- _RECORDS SUPPLIED_
BEGIN
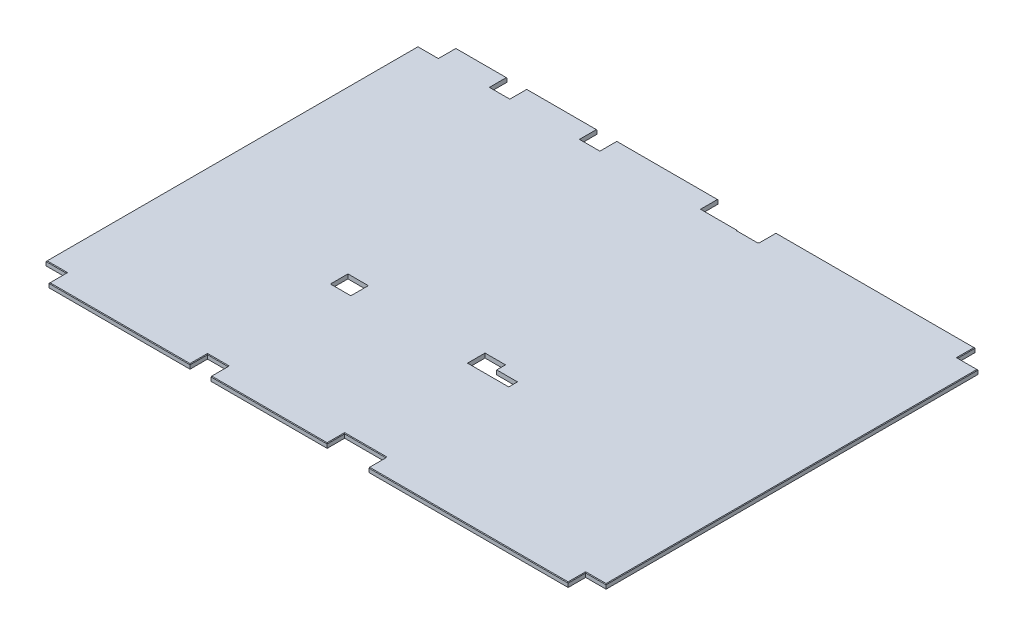
from build123d import *

# Parameters (mm, degrees)
SKETCH1_W           = 2438.4
SKETCH1_H           = 1771.65
BOSS_EXTRUDE1_DEPTH = 9.525
SKETCH2_W           = 88.9
SKETCH2_H           = 76.2
SKETCH2_W_2         = 177.8
CUT_EXTRUDE1_DEPTH  = 20.05
CHAMFER1_SIZE       = 2.54
SKETCH4_W           = 88.9
SKETCH4_H           = 76.2
CUT_EXTRUDE2_DEPTH  = 20.05
SKETCH5_W           = 88.9
SKETCH5_H           = 76.2
SKETCH5_W_2         = 254.7239
SKETCH5_W_3         = 92.1004
SKETCH5_W_4         = 179.3875
CUT_EXTRUDE3_DEPTH  = 20.05


with BuildPart() as part:
    # Sketch1 → Boss-Extrude1 (new body, symmetric)
    with BuildSketch(Plane(origin=(0, 0, 0), x_dir=(1, 0, 0), z_dir=(0, 1, 0))):
        with Locations((1219.2, 885.825)):
            Rectangle(SKETCH1_W, SKETCH1_H)
    extrude(amount=BOSS_EXTRUDE1_DEPTH, both=True)

    # Sketch2 → Cut-Extrude1 (cut, through all)
    with BuildSketch(Plane(origin=(0, 9.525, 0), x_dir=(1, 0, 0), z_dir=(0, 1, 0))):
        with Locations((1435.1127, 1733.55)):
            Rectangle(SKETCH2_W, SKETCH2_H)
        with Locations((44.45, 1733.55)):
            Rectangle(SKETCH2_W, SKETCH2_H)
        with Locations((2393.95, 1733.55)):
            Rectangle(SKETCH2_W, SKETCH2_H)
        with Locations((1389.0752, 38.1)):
            Rectangle(SKETCH2_W_2, SKETCH2_H)
        with Locations((747.7252, 38.1)):
            Rectangle(SKETCH2_W, SKETCH2_H)
        with Locations((2393.95, 38.1)):
            Rectangle(SKETCH2_W, SKETCH2_H)
        with Locations((44.45, 38.1)):
            Rectangle(SKETCH2_W, SKETCH2_H)
    extrude(amount=-CUT_EXTRUDE1_DEPTH, mode=Mode.SUBTRACT)

    # Chamfer1
    chamfer1_edges = [part.edges().sort_by_distance(p)[0] for p in [
        (0, 9.525, -885.825),
        (396.0876, 9.525, 0),
        (1046.1752, 9.525, 0),
        (1913.7376, 9.525, 0),
        (2438.4, 9.525, -885.825),
        (1914.53135, 9.525, -1771.65),
        (739.78135, 9.525, -1771.65),
        (2393.95, 9.525, -76.2),
        (2349.5, 9.525, -38.1),
        (792.1752, 9.525, -38.1),
        (747.7252, 9.525, -76.2),
        (703.2752, 9.525, -38.1),
        (1477.9752, 9.525, -38.1),
        (1389.0752, 9.525, -76.2),
        (1300.1752, 9.525, -38.1),
        (2349.5, 9.525, -1733.55),
        (2393.95, 9.525, -1695.45),
        (1390.6627, 9.525, -1733.55),
        (1435.1127, 9.525, -1695.45),
        (1479.5627, 9.525, -1733.55),
        (88.9, 9.525, -38.1),
        (44.45, 9.525, -76.2),
        (44.45, 9.525, -1695.45),
        (88.9, 9.525, -1733.55),
    ]]
    chamfer(chamfer1_edges, length=CHAMFER1_SIZE)

    # Sketch4 → Cut-Extrude2 (cut, through all)
    with BuildSketch(Plane(origin=(0, 9.525, 0), x_dir=(1, 0, 0), z_dir=(0, 1, 0))):
        with Locations((355.6, 1733.55)):
            Rectangle(SKETCH4_W, SKETCH4_H)
        with Locations((1274.7752, 1733.55)):
            Rectangle(SKETCH4_W, SKETCH4_H)
    extrude(amount=-CUT_EXTRUDE2_DEPTH, mode=Mode.SUBTRACT)

    # Sketch5 → Cut-Extrude3 (cut, through all)
    with BuildSketch(Plane(origin=(0, 9.525, 0), x_dir=(1, 0, 0), z_dir=(0, 1, 0))):
        with Locations((44.45, 1733.55)):
            Rectangle(SKETCH5_W, SKETCH5_H)
        with Locations((355.6, 1733.55)):
            Rectangle(SKETCH5_W, SKETCH5_H)
        with Locations((747.7506, 1733.55)):
            Rectangle(SKETCH5_W, SKETCH5_H)
        with Locations((1357.68715, 1733.55)):
            Rectangle(SKETCH5_W_2, SKETCH5_H)
        with Locations((2393.95, 1733.55)):
            Rectangle(SKETCH5_W, SKETCH5_H)
        with Locations((750.9256, 646.112499999)):
            Rectangle(SKETCH5_W, SKETCH5_H)
        Polygon((1303.3756, 684.225199999), (1392.367165563, 684.225199999), (1392.367165563, 646.125199999), (1482.7631, 646.125199999), (1482.7631, 608.025199999), (1303.3756, 608.025199999), align=None)
        with Locations((44.45, 38.1)):
            Rectangle(SKETCH5_W, SKETCH5_H)
        with Locations((749.3254, 38.1)):
            Rectangle(SKETCH5_W_3, SKETCH5_H)
        with Locations((1393.06935, 38.1)):
            Rectangle(SKETCH5_W_4, SKETCH5_H)
        with Locations((2393.95, 38.1)):
            Rectangle(SKETCH5_W, SKETCH5_H)
    extrude(amount=-CUT_EXTRUDE3_DEPTH, mode=Mode.SUBTRACT)


solid = part.part
END
- _ACTION ITEM_
Your answer must be the records above, copied exactly, with no pictures.

- _ANSWER SPACE_
from build123d import *

# Parameters (mm, degrees)
SKETCH1_W           = 2438.4
SKETCH1_H           = 1771.65
BOSS_EXTRUDE1_DEPTH = 9.525
SKETCH2_W           = 88.9
SKETCH2_H           = 76.2
SKETCH2_W_2         = 177.8
CUT_EXTRUDE1_DEPTH  = 20.05
CHAMFER1_SIZE       = 2.54
SKETCH4_W           = 88.9
SKETCH4_H           = 76.2
CUT_EXTRUDE2_DEPTH  = 20.05
SKETCH5_W           = 88.9
SKETCH5_H           = 76.2
SKETCH5_W_2         = 254.7239
SKETCH5_W_3         = 92.1004
SKETCH5_W_4         = 179.3875
CUT_EXTRUDE3_DEPTH  = 20.05


with BuildPart() as part:
    # Sketch1 → Boss-Extrude1 (new body, symmetric)
    with BuildSketch(Plane(origin=(0, 0, 0), x_dir=(1, 0, 0), z_dir=(0, 1, 0))):
        with Locations((1219.2, 885.825)):
            Rectangle(SKETCH1_W, SKETCH1_H)
    extrude(amount=BOSS_EXTRUDE1_DEPTH, both=True)

    # Sketch2 → Cut-Extrude1 (cut, through all)
    with BuildSketch(Plane(origin=(0, 9.525, 0), x_dir=(1, 0, 0), z_dir=(0, 1, 0))):
        with Locations((1435.1127, 1733.55)):
            Rectangle(SKETCH2_W, SKETCH2_H)
        with Locations((44.45, 1733.55)):
            Rectangle(SKETCH2_W, SKETCH2_H)
        with Locations((2393.95, 1733.55)):
            Rectangle(SKETCH2_W, SKETCH2_H)
        with Locations((1389.0752, 38.1)):
            Rectangle(SKETCH2_W_2, SKETCH2_H)
        with Locations((747.7252, 38.1)):
            Rectangle(SKETCH2_W, SKETCH2_H)
        with Locations((2393.95, 38.1)):
            Rectangle(SKETCH2_W, SKETCH2_H)
        with Locations((44.45, 38.1)):
            Rectangle(SKETCH2_W, SKETCH2_H)
    extrude(amount=-CUT_EXTRUDE1_DEPTH, mode=Mode.SUBTRACT)

    # Chamfer1
    chamfer1_edges = [part.edges().sort_by_distance(p)[0] for p in [
        (0, 9.525, -885.825),
        (396.0876, 9.525, 0),
        (1046.1752, 9.525, 0),
        (1913.7376, 9.525, 0),
        (2438.4, 9.525, -885.825),
        (1914.53135, 9.525, -1771.65),
        (739.78135, 9.525, -1771.65),
        (2393.95, 9.525, -76.2),
        (2349.5, 9.525, -38.1),
        (792.1752, 9.525, -38.1),
        (747.7252, 9.525, -76.2),
        (703.2752, 9.525, -38.1),
        (1477.9752, 9.525, -38.1),
        (1389.0752, 9.525, -76.2),
        (1300.1752, 9.525, -38.1),
        (2349.5, 9.525, -1733.55),
        (2393.95, 9.525, -1695.45),
        (1390.6627, 9.525, -1733.55),
        (1435.1127, 9.525, -1695.45),
        (1479.5627, 9.525, -1733.55),
        (88.9, 9.525, -38.1),
        (44.45, 9.525, -76.2),
        (44.45, 9.525, -1695.45),
        (88.9, 9.525, -1733.55),
    ]]
    chamfer(chamfer1_edges, length=CHAMFER1_SIZE)

    # Sketch4 → Cut-Extrude2 (cut, through all)
    with BuildSketch(Plane(origin=(0, 9.525, 0), x_dir=(1, 0, 0), z_dir=(0, 1, 0))):
        with Locations((355.6, 1733.55)):
            Rectangle(SKETCH4_W, SKETCH4_H)
        with Locations((1274.7752, 1733.55)):
            Rectangle(SKETCH4_W, SKETCH4_H)
    extrude(amount=-CUT_EXTRUDE2_DEPTH, mode=Mode.SUBTRACT)

    # Sketch5 → Cut-Extrude3 (cut, through all)
    with BuildSketch(Plane(origin=(0, 9.525, 0), x_dir=(1, 0, 0), z_dir=(0, 1, 0))):
        with Locations((44.45, 1733.55)):
            Rectangle(SKETCH5_W, SKETCH5_H)
        with Locations((355.6, 1733.55)):
            Rectangle(SKETCH5_W, SKETCH5_H)
        with Locations((747.7506, 1733.55)):
            Rectangle(SKETCH5_W, SKETCH5_H)
        with Locations((1357.68715, 1733.55)):
            Rectangle(SKETCH5_W_2, SKETCH5_H)
        with Locations((2393.95, 1733.55)):
            Rectangle(SKETCH5_W, SKETCH5_H)
        with Locations((750.9256, 646.112499999)):
            Rectangle(SKETCH5_W, SKETCH5_H)
        Polygon((1303.3756, 684.225199999), (1392.367165563, 684.225199999), (1392.367165563, 646.125199999), (1482.7631, 646.125199999), (1482.7631, 608.025199999), (1303.3756, 608.025199999), align=None)
        with Locations((44.45, 38.1)):
            Rectangle(SKETCH5_W, SKETCH5_H)
        with Locations((749.3254, 38.1)):
            Rectangle(SKETCH5_W_3, SKETCH5_H)
        with Locations((1393.06935, 38.1)):
            Rectangle(SKETCH5_W_4, SKETCH5_H)
        with Locations((2393.95, 38.1)):
            Rectangle(SKETCH5_W, SKETCH5_H)
    extrude(amount=-CUT_EXTRUDE3_DEPTH, mode=Mode.SUBTRACT)


solid = part.part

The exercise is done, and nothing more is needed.